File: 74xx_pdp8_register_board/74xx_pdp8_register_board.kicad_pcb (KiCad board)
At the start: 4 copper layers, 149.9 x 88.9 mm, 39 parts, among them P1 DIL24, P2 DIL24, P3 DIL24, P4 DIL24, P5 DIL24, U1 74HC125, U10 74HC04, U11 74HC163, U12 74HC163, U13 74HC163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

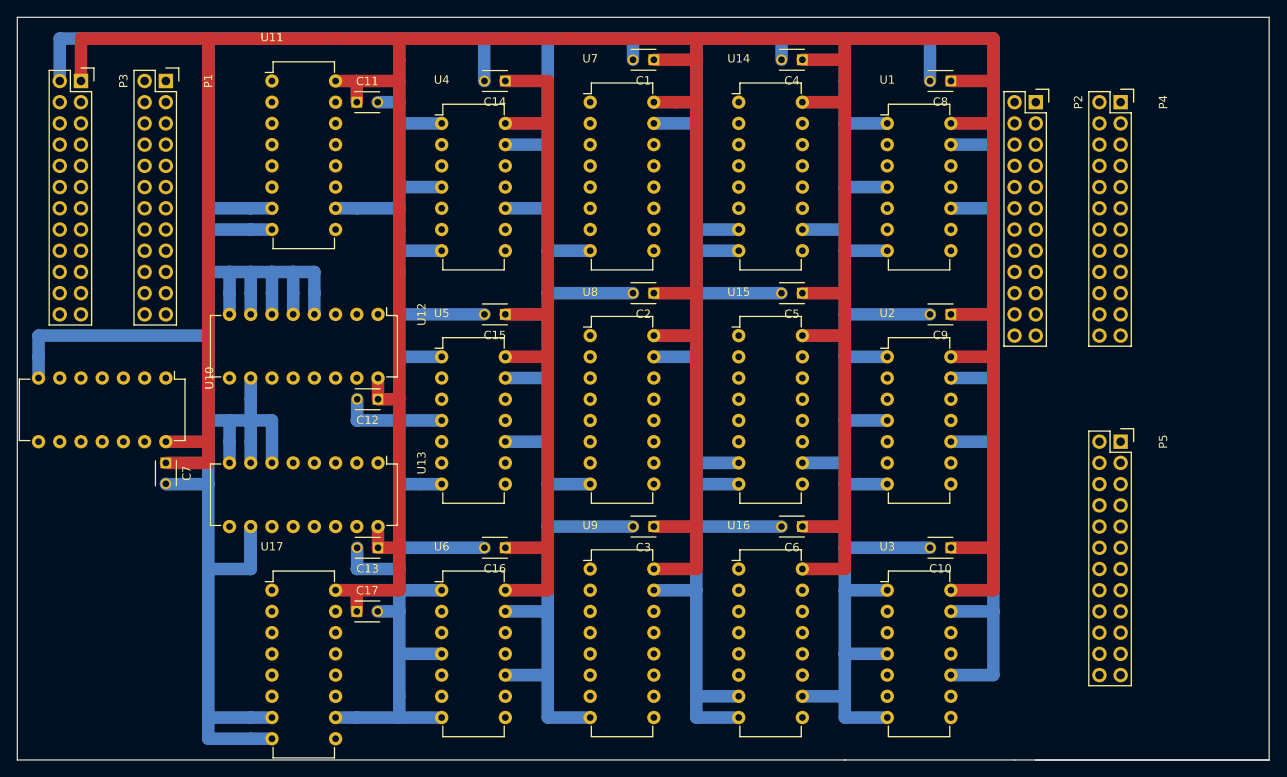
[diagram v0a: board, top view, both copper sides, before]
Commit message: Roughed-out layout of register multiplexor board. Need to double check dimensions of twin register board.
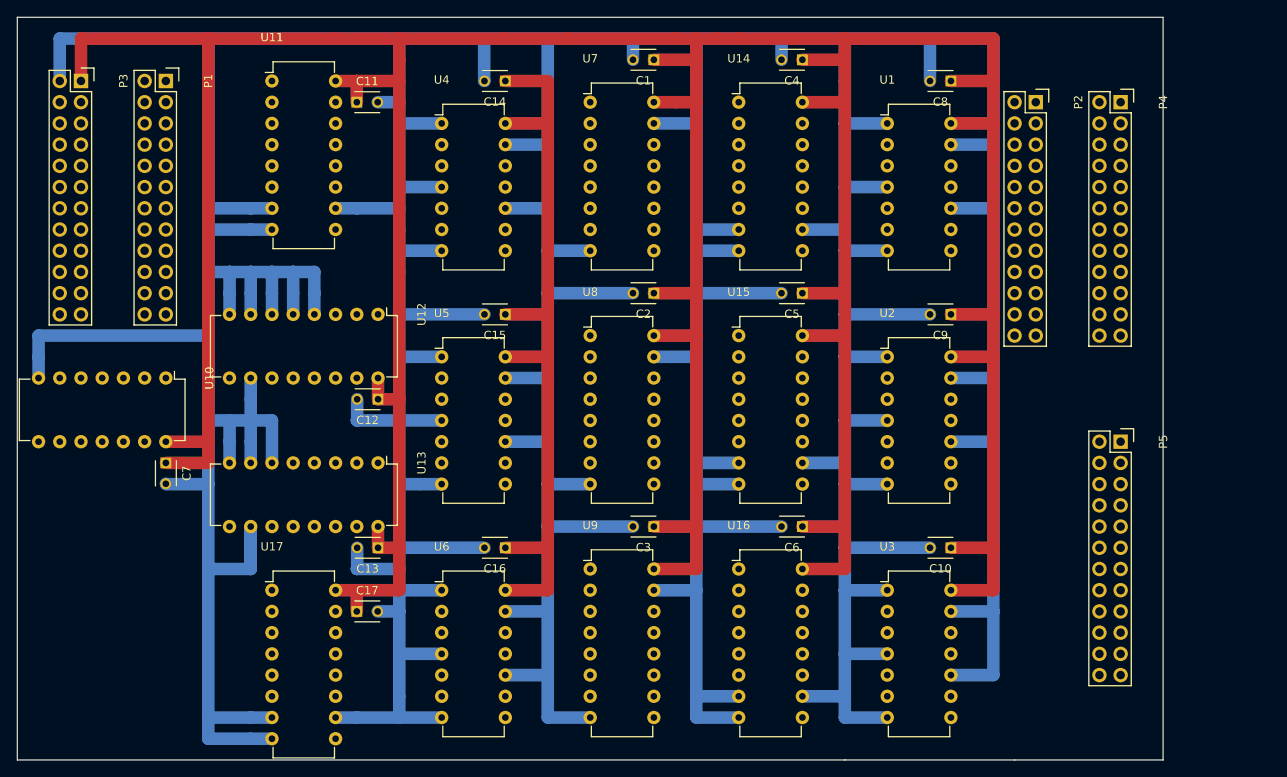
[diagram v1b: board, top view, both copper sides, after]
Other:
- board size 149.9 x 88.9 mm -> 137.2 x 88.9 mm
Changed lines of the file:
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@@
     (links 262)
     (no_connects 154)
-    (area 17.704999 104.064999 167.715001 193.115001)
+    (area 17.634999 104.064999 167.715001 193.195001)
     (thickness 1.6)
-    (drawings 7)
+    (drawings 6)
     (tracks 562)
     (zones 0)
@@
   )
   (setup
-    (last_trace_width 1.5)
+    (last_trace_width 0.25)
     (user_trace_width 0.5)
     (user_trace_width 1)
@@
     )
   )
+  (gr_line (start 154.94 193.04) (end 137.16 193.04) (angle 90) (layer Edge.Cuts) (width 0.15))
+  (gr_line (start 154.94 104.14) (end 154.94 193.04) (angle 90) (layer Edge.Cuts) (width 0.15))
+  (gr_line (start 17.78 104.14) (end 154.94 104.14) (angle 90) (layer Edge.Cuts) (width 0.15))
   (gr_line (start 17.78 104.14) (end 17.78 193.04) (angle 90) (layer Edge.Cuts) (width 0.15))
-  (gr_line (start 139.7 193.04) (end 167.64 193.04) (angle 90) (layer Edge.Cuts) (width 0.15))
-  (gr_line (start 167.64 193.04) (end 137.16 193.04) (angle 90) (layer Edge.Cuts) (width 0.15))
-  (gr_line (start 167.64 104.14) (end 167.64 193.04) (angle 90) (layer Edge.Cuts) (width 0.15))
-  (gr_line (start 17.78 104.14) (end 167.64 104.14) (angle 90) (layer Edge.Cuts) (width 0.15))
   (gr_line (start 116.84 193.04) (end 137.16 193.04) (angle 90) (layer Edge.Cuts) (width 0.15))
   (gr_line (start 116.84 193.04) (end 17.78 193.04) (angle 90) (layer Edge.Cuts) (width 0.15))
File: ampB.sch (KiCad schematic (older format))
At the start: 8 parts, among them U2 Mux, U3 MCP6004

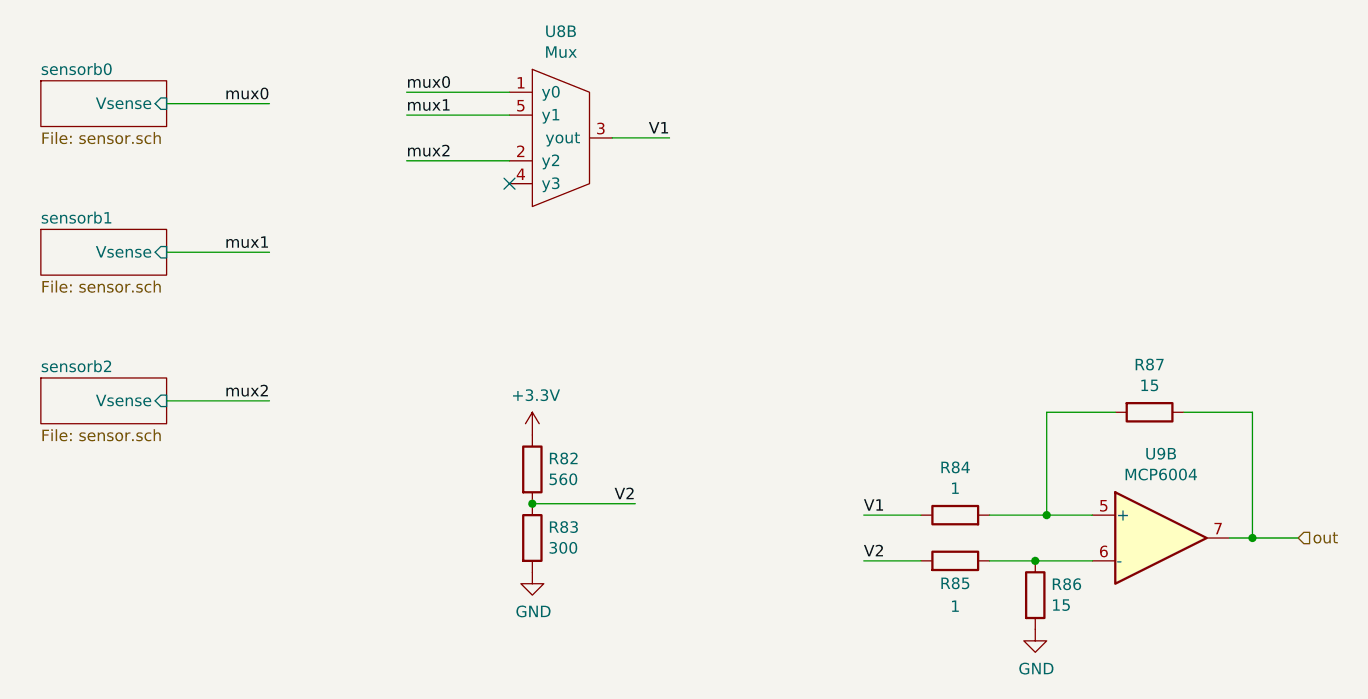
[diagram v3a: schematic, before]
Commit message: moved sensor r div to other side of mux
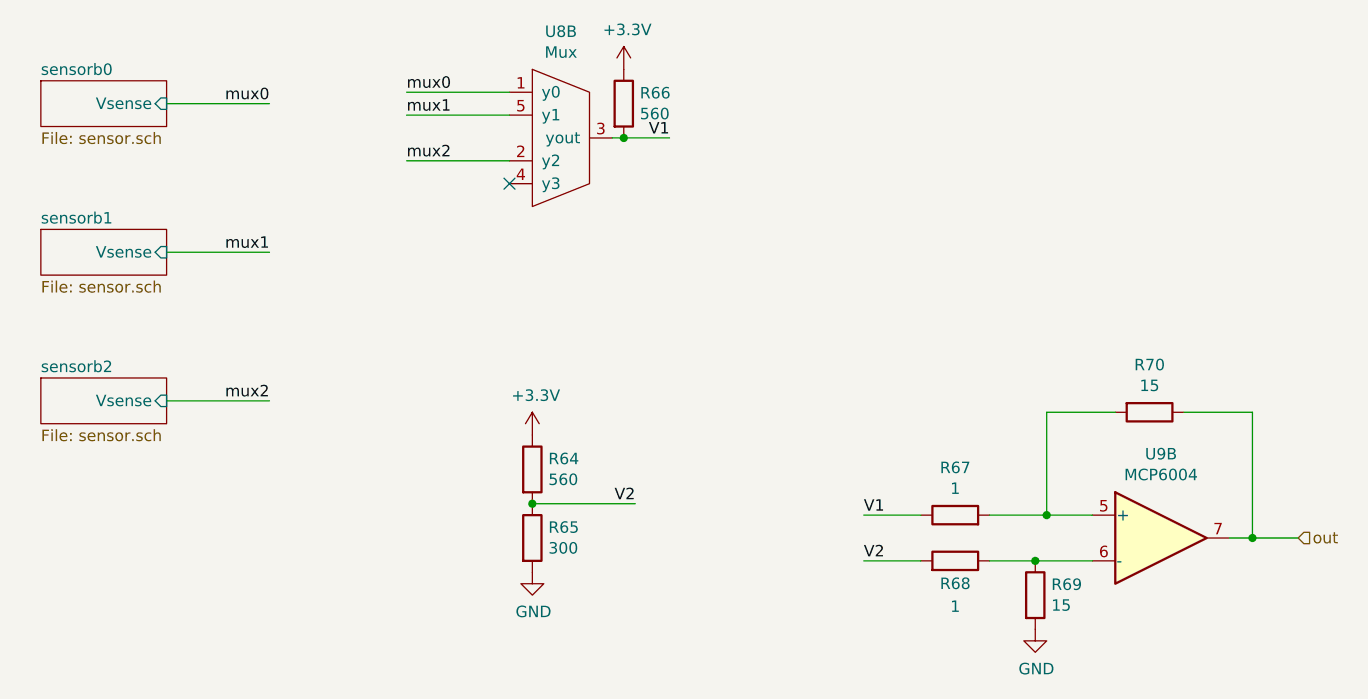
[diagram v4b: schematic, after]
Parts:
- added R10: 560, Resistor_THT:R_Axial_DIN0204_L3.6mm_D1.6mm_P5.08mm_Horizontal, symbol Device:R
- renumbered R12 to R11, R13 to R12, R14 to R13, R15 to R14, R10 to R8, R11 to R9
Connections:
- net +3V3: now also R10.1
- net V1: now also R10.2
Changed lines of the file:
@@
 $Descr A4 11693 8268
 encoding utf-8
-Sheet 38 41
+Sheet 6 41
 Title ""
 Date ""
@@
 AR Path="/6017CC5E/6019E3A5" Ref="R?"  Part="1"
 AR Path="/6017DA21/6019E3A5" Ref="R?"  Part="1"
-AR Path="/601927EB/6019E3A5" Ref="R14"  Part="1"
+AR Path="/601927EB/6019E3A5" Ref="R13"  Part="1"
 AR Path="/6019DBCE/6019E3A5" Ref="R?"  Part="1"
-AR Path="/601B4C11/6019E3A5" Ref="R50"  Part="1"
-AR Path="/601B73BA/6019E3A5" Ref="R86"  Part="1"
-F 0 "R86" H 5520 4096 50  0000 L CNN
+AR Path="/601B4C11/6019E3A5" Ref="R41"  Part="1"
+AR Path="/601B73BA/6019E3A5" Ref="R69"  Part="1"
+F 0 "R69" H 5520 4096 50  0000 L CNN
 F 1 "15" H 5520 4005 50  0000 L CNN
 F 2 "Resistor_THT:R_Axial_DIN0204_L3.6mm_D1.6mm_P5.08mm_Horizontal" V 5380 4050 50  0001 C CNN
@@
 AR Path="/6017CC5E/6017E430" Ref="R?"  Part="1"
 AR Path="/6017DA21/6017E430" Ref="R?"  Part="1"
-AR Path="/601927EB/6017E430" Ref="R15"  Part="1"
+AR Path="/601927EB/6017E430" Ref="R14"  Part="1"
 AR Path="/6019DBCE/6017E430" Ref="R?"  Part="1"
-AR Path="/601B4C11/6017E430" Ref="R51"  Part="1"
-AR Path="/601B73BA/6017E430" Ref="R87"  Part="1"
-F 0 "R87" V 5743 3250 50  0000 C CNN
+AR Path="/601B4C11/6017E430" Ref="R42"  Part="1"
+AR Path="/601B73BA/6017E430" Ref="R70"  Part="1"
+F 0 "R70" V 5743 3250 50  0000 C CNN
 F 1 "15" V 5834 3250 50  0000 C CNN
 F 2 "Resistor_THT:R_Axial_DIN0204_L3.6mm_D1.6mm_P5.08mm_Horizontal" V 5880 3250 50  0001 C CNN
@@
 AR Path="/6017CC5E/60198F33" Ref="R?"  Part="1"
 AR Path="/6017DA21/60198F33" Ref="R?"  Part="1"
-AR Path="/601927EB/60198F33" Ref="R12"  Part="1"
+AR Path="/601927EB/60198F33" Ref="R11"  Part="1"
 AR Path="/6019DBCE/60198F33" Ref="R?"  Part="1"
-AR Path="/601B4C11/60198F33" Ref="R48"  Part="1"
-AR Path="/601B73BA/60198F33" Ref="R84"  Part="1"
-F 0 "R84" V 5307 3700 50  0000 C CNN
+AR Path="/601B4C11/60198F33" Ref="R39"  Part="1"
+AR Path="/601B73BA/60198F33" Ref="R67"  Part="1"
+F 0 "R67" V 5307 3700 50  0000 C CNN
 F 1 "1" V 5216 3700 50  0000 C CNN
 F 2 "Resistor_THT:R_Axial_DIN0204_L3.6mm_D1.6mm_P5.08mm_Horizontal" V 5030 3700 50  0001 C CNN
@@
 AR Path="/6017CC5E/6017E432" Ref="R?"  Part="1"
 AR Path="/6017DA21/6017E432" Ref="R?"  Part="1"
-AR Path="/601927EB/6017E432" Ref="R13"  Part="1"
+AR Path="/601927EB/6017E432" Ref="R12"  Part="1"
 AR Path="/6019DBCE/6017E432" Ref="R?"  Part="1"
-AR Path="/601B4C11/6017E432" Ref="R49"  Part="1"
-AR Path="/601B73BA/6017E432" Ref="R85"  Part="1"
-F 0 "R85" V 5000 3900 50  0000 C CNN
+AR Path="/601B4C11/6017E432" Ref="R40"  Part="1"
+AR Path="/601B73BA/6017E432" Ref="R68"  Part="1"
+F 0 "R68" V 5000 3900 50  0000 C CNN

## [EXERCISE INSTRUCTIONS]
Retype each record exactly as it appears above and drop the images.

## [WRITTEN ANSWER]
File: 74xx_pdp8_register_board/74xx_pdp8_register_board.kicad_pcb (KiCad board)
At the start: 4 copper layers, 149.9 x 88.9 mm, 39 parts, among them P1 DIL24, P2 DIL24, P3 DIL24, P4 DIL24, P5 DIL24, U1 74HC125, U10 74HC04, U11 74HC163, U12 74HC163, U13 74HC163

[diagram v0a: board, top view, both copper sides, before]
Commit message: Roughed-out layout of register multiplexor board. Need to double check dimensions of twin register board.
[diagram v1b: board, top view, both copper sides, after]
Other:
- board size 149.9 x 88.9 mm -> 137.2 x 88.9 mm
Changed lines of the file:
@@
     (links 262)
     (no_connects 154)
-    (area 17.704999 104.064999 167.715001 193.115001)
+    (area 17.634999 104.064999 167.715001 193.195001)
     (thickness 1.6)
-    (drawings 7)
+    (drawings 6)
     (tracks 562)
     (zones 0)
@@
   )
   (setup
-    (last_trace_width 1.5)
+    (last_trace_width 0.25)
     (user_trace_width 0.5)
     (user_trace_width 1)
@@
     )
   )
+  (gr_line (start 154.94 193.04) (end 137.16 193.04) (angle 90) (layer Edge.Cuts) (width 0.15))
+  (gr_line (start 154.94 104.14) (end 154.94 193.04) (angle 90) (layer Edge.Cuts) (width 0.15))
+  (gr_line (start 17.78 104.14) (end 154.94 104.14) (angle 90) (layer Edge.Cuts) (width 0.15))
   (gr_line (start 17.78 104.14) (end 17.78 193.04) (angle 90) (layer Edge.Cuts) (width 0.15))
-  (gr_line (start 139.7 193.04) (end 167.64 193.04) (angle 90) (layer Edge.Cuts) (width 0.15))
-  (gr_line (start 167.64 193.04) (end 137.16 193.04) (angle 90) (layer Edge.Cuts) (width 0.15))
-  (gr_line (start 167.64 104.14) (end 167.64 193.04) (angle 90) (layer Edge.Cuts) (width 0.15))
-  (gr_line (start 17.78 104.14) (end 167.64 104.14) (angle 90) (layer Edge.Cuts) (width 0.15))
   (gr_line (start 116.84 193.04) (end 137.16 193.04) (angle 90) (layer Edge.Cuts) (width 0.15))
   (gr_line (start 116.84 193.04) (end 17.78 193.04) (angle 90) (layer Edge.Cuts) (width 0.15))
File: ampB.sch (KiCad schematic (older format))
At the start: 8 parts, among them U2 Mux, U3 MCP6004

[diagram v3a: schematic, before]
Commit message: moved sensor r div to other side of mux
[diagram v4b: schematic, after]
Parts:
- added R10: 560, Resistor_THT:R_Axial_DIN0204_L3.6mm_D1.6mm_P5.08mm_Horizontal, symbol Device:R
- renumbered R12 to R11, R13 to R12, R14 to R13, R15 to R14, R10 to R8, R11 to R9
Connections:
- net +3V3: now also R10.1
- net V1: now also R10.2
Changed lines of the file:
@@
 $Descr A4 11693 8268
 encoding utf-8
-Sheet 38 41
+Sheet 6 41
 Title ""
 Date ""
@@
 AR Path="/6017CC5E/6019E3A5" Ref="R?"  Part="1"
 AR Path="/6017DA21/6019E3A5" Ref="R?"  Part="1"
-AR Path="/601927EB/6019E3A5" Ref="R14"  Part="1"
+AR Path="/601927EB/6019E3A5" Ref="R13"  Part="1"
 AR Path="/6019DBCE/6019E3A5" Ref="R?"  Part="1"
-AR Path="/601B4C11/6019E3A5" Ref="R50"  Part="1"
-AR Path="/601B73BA/6019E3A5" Ref="R86"  Part="1"
-F 0 "R86" H 5520 4096 50  0000 L CNN
+AR Path="/601B4C11/6019E3A5" Ref="R41"  Part="1"
+AR Path="/601B73BA/6019E3A5" Ref="R69"  Part="1"
+F 0 "R69" H 5520 4096 50  0000 L CNN
 F 1 "15" H 5520 4005 50  0000 L CNN
 F 2 "Resistor_THT:R_Axial_DIN0204_L3.6mm_D1.6mm_P5.08mm_Horizontal" V 5380 4050 50  0001 C CNN
@@
 AR Path="/6017CC5E/6017E430" Ref="R?"  Part="1"
 AR Path="/6017DA21/6017E430" Ref="R?"  Part="1"
-AR Path="/601927EB/6017E430" Ref="R15"  Part="1"
+AR Path="/601927EB/6017E430" Ref="R14"  Part="1"
 AR Path="/6019DBCE/6017E430" Ref="R?"  Part="1"
-AR Path="/601B4C11/6017E430" Ref="R51"  Part="1"
-AR Path="/601B73BA/6017E430" Ref="R87"  Part="1"
-F 0 "R87" V 5743 3250 50  0000 C CNN
+AR Path="/601B4C11/6017E430" Ref="R42"  Part="1"
+AR Path="/601B73BA/6017E430" Ref="R70"  Part="1"
+F 0 "R70" V 5743 3250 50  0000 C CNN
 F 1 "15" V 5834 3250 50  0000 C CNN
 F 2 "Resistor_THT:R_Axial_DIN0204_L3.6mm_D1.6mm_P5.08mm_Horizontal" V 5880 3250 50  0001 C CNN
@@
 AR Path="/6017CC5E/60198F33" Ref="R?"  Part="1"
 AR Path="/6017DA21/60198F33" Ref="R?"  Part="1"
-AR Path="/601927EB/60198F33" Ref="R12"  Part="1"
+AR Path="/601927EB/60198F33" Ref="R11"  Part="1"
 AR Path="/6019DBCE/60198F33" Ref="R?"  Part="1"
-AR Path="/601B4C11/60198F33" Ref="R48"  Part="1"
-AR Path="/601B73BA/60198F33" Ref="R84"  Part="1"
-F 0 "R84" V 5307 3700 50  0000 C CNN
+AR Path="/601B4C11/60198F33" Ref="R39"  Part="1"
+AR Path="/601B73BA/60198F33" Ref="R67"  Part="1"
+F 0 "R67" V 5307 3700 50  0000 C CNN
 F 1 "1" V 5216 3700 50  0000 C CNN
 F 2 "Resistor_THT:R_Axial_DIN0204_L3.6mm_D1.6mm_P5.08mm_Horizontal" V 5030 3700 50  0001 C CNN
@@
 AR Path="/6017CC5E/6017E432" Ref="R?"  Part="1"
 AR Path="/6017DA21/6017E432" Ref="R?"  Part="1"
-AR Path="/601927EB/6017E432" Ref="R13"  Part="1"
+AR Path="/601927EB/6017E432" Ref="R12"  Part="1"
 AR Path="/6019DBCE/6017E432" Ref="R?"  Part="1"
-AR Path="/601B4C11/6017E432" Ref="R49"  Part="1"
-AR Path="/601B73BA/6017E432" Ref="R85"  Part="1"
-F 0 "R85" V 5000 3900 50  0000 C CNN
+AR Path="/601B4C11/6017E432" Ref="R40"  Part="1"
+AR Path="/601B73BA/6017E432" Ref="R68"  Part="1"
+F 0 "R68" V 5000 3900 50  0000 C CNN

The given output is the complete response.